Spot the duplicated scale in the same position as the original

Can you guess which scale is duplicated? Since there are two tiles at the location, simply delete one of them and rebake. repeat as necessary.

Step 12: Final Tweaking (Scaling, Rotating), Conversion To PNG/JPG, Checking

Bits of scales poking through other scales? No problem. In Blender object mode select all your scales and set the pivot point as 'Individual Object Centres'.

A bit of judicious X-scaling and you have scales that butt together neatly. Or you can fine-tune the amount of overlap (the scales will merge, don't worry - a small amount of rotation will give you a neat overlap).

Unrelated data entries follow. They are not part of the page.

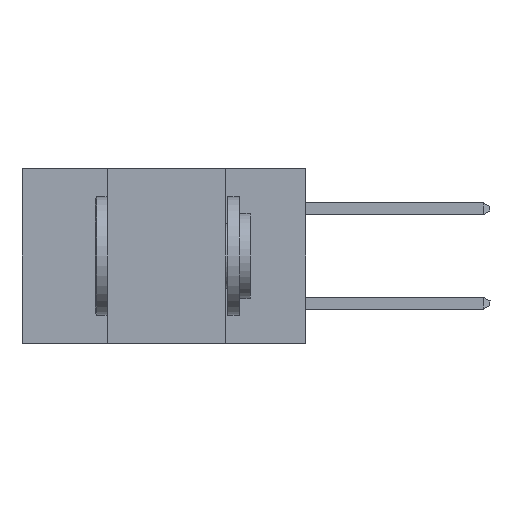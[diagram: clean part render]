
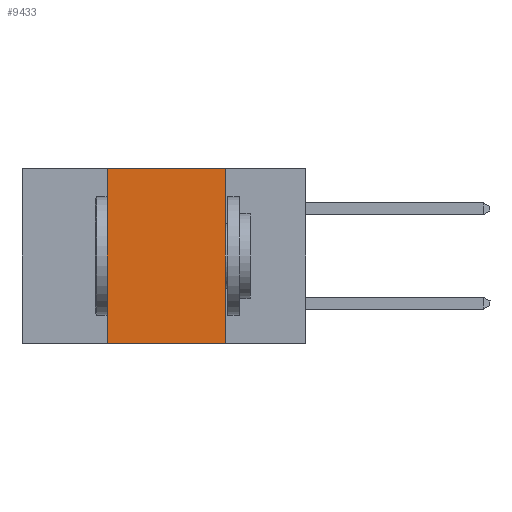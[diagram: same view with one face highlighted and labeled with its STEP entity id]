
A CAD part, left-side view. The second image highlights one B-rep face of the part: STEP entity #9433.
In plain terms, the highlighted planar face has unit normal (-1, 0, 0).
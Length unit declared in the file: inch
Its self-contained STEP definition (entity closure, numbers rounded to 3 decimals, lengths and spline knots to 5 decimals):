
#789 = DIRECTION ( 'NONE',  ( 0., -1., 0. ) ) ;
#875 = CARTESIAN_POINT ( 'NONE',  ( 0., 0.42, 0. ) ) ;
#894 = VERTEX_POINT ( 'NONE', #14181 ) ;
#1902 = DIRECTION ( 'NONE',  ( 1., 0., 0. ) ) ;
#4394 = LINE ( 'NONE', #7406, #13233 ) ;
#6748 = VECTOR ( 'NONE', #14648, 39.37008 ) ;
#7406 = CARTESIAN_POINT ( 'NONE',  ( 0., 0.17, 0. ) ) ;
#9102 = EDGE_LOOP ( 'NONE', ( #10129, #10133, #15221, #20413 ) ) ;
#9433 = ADVANCED_FACE ( 'NONE', ( #14810 ), #20700, .F. ) ;
#10129 = ORIENTED_EDGE ( 'NONE', *, *, #20304, .F. ) ;
#10133 = ORIENTED_EDGE ( 'NONE', *, *, #10782, .F. ) ;
#10242 = VERTEX_POINT ( 'NONE', #20699 ) ;
#10782 = EDGE_CURVE ( 'NONE', #10242, #894, #14709, .T. ) ;
#12165 = CARTESIAN_POINT ( 'NONE',  ( 0., 0.6, -0.37 ) ) ;
#12286 = LINE ( 'NONE', #12165, #6748 ) ;
#12563 = CARTESIAN_POINT ( 'NONE',  ( 0., 0.6, 0. ) ) ;
#12669 = DIRECTION ( 'NONE',  ( 0., 0., -1. ) ) ;
#13233 = VECTOR ( 'NONE', #21883, 39.37008 ) ;
#13384 = CARTESIAN_POINT ( 'NONE',  ( 0., 0.6, 0. ) ) ;
#14181 = CARTESIAN_POINT ( 'NONE',  ( 0., 0.17, 0. ) ) ;
#14648 = DIRECTION ( 'NONE',  ( 0., -1., 0. ) ) ;
#14709 = LINE ( 'NONE', #13384, #16313 ) ;
#14810 = FACE_OUTER_BOUND ( 'NONE', #9102, .T. ) ;
#15221 = ORIENTED_EDGE ( 'NONE', *, *, #18727, .F. ) ;
#15295 = CARTESIAN_POINT ( 'NONE',  ( 0., 0.42, -0.37 ) ) ;
#16313 = VECTOR ( 'NONE', #789, 39.37008 ) ;
#18098 = VERTEX_POINT ( 'NONE', #15295 ) ;
#18439 = CARTESIAN_POINT ( 'NONE',  ( 0., 0.17, -0.37 ) ) ;
#18727 = EDGE_CURVE ( 'NONE', #18098, #10242, #22967, .T. ) ;
#19115 = VECTOR ( 'NONE', #23947, 39.37008 ) ;
#20304 = EDGE_CURVE ( 'NONE', #894, #20432, #4394, .T. ) ;
#20413 = ORIENTED_EDGE ( 'NONE', *, *, #25666, .T. ) ;
#20432 = VERTEX_POINT ( 'NONE', #18439 ) ;
#20699 = CARTESIAN_POINT ( 'NONE',  ( 0., 0.42, 0. ) ) ;
#20700 = PLANE ( 'NONE',  #23793 ) ;
#21883 = DIRECTION ( 'NONE',  ( 0., 0., -1. ) ) ;
#22967 = LINE ( 'NONE', #875, #19115 ) ;
#23793 = AXIS2_PLACEMENT_3D ( 'NONE', #12563, #1902, #12669 ) ;
#23947 = DIRECTION ( 'NONE',  ( 0., 0., 1. ) ) ;
#25666 = EDGE_CURVE ( 'NONE', #18098, #20432, #12286, .T. ) ;

If you have overlapping scales then apply a little bit of Y-rotation to raise the left edge and drop the right edge of each scale (or vice-versa) until the rows all look okay

You may also want to apply a bit of X-rotation to lower the top edges of each scale and raise the bottom edges.

Final tweaking

You may want to adjust the baking plane Z position so it's as high as possible without breaking through the scales (having a bright colour for the plane helps here), and then adjust the baking depth and bias to suit.

Render, bake, check everything's okay and you're done!

I ended up with 1024x1024 TGAs for the baked images and 1024x1024 PNG for the render. I scaled my images down to 512x512 IrfanViews Resampling is good) and saved them as PNGs. And then that final check in GIMP to ensure the tiling is seamless. (JPGs should probably be okay too since the image size is a multiple of 16)

That's It, You're Done!

Corrections, Clarifications, And Additions

I've realised that Poser/DAZ Studio use different normal mapping from Blender. To convert Blender normal maps to Poser/DAZ Studio normal maps you need to (a) invert the red channel, and (b) invert the green channel.